To do: Count the lines below that contain "ToReplace". Give only the number.

Study material:
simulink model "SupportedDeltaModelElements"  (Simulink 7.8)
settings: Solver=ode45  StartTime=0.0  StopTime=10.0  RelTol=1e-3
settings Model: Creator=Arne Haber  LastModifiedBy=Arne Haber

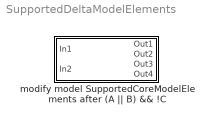
== system SupportedDeltaModelElements ==
  modify model SupportedCoreModelElements after (A || B) && !C : Subsystem

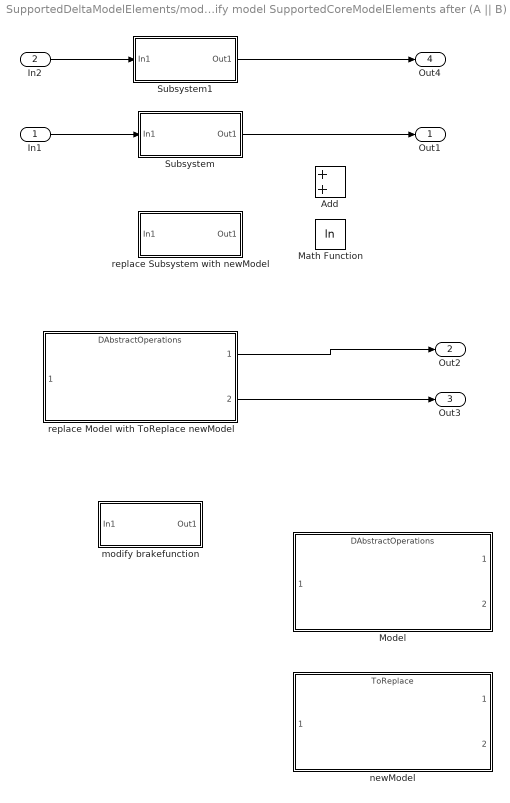
== system SupportedDeltaModelElements/modify model SupportedCoreModelElements after (A || B) && !C ==
  In1 : Inport
  In2 : Inport  Port=2
  Add : Sum
  Math Function : Math  Operator=log  SaturateOnIntegerOverflow=on
  Model : ModelReference  ModelNameDialog=DAbstractOperations  SimulationMode=Normal  ModelReferenceVersion=1.8  CopyOfModelName=DAbstractOperations  DefaultDataLogging=on
  Subsystem : Subsystem
  Subsystem1 : Subsystem
  modify brakefunction : Subsystem
  newModel : ModelReference  ModelNameDialog=ToReplace  SimulationMode=Normal  ModelReferenceVersion=1.1  CopyOfModelName=ToReplace  DefaultDataLogging=on
  replace Model with ToReplace newModel : ModelReference  ModelNameDialog=DAbstractOperations  SimulationMode=Normal  ModelReferenceVersion=1.8  CopyOfModelName=DAbstractOperations  DefaultDataLogging=on
  replace Subsystem with newModel : Subsystem
  Out1 : Outport
  Out2 : Outport  Port=2
  Out3 : Outport  Port=3
  Out4 : Outport  Port=4
  wires:
  In1/1 -> Subsystem/1(In1)
  Subsystem/1(Out1) -> Out1/1
  In2/1 -> Subsystem1/1(In1)
  Subsystem1/1(Out1) -> Out4/1
  replace Model with ToReplace newModel/1 -> Out2/1
  replace Model with ToReplace newModel/2 -> Out3/1

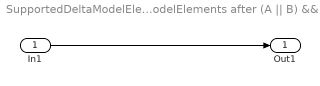
== system SupportedDeltaModelElements/modify model SupportedCoreModelElements after (A || B) && !C/Subsystem ==
  In1 : Inport
  Out1 : Outport
  wires:
  In1/1 -> Out1/1

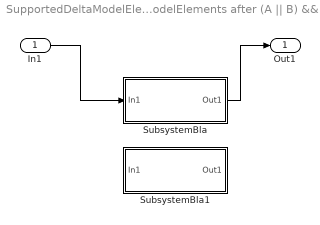
== system SupportedDeltaModelElements/modify model SupportedCoreModelElements after (A || B) && !C/Subsystem1 ==
  In1 : Inport
  SubsystemBla : Subsystem
  SubsystemBla1 : Subsystem
  Out1 : Outport
  wires:
  In1/1 -> SubsystemBla/1(In1)
  SubsystemBla/1(Out1) -> Out1/1

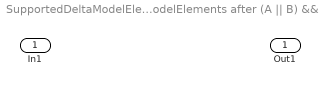
== system SupportedDeltaModelElements/modify model SupportedCoreModelElements after (A || B) && !C/modify brakefunction ==
  In1 : Inport
  Out1 : Outport

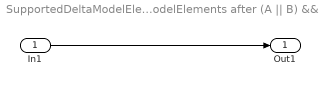
== system SupportedDeltaModelElements/modify model SupportedCoreModelElements after (A || B) && !C/replace Subsystem with newModel ==
  In1 : Inport
  Out1 : Outport
  wires:
  In1/1 -> Out1/1

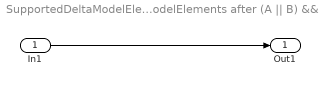
== system SupportedDeltaModelElements/modify model SupportedCoreModelElements after (A || B) && !C/Subsystem1/SubsystemBla ==
  In1 : Inport
  Out1 : Outport
  wires:
  In1/1 -> Out1/1

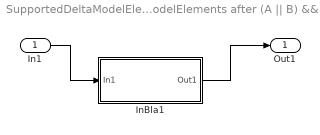
== system SupportedDeltaModelElements/modify model SupportedCoreModelElements after (A || B) && !C/Subsystem1/SubsystemBla1 ==
  In1 : Inport
  InBla1 : Subsystem
  Out1 : Outport
  wires:
  In1/1 -> InBla1/1(In1)
  InBla1/1(Out1) -> Out1/1

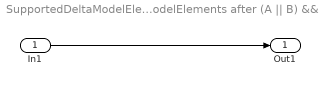
== system SupportedDeltaModelElements/modify model SupportedCoreModelElements after (A || B) && !C/Subsystem1/SubsystemBla1/InBla1 ==
  In1 : Inport
  Out1 : Outport
  wires:
  In1/1 -> Out1/1

Output: 4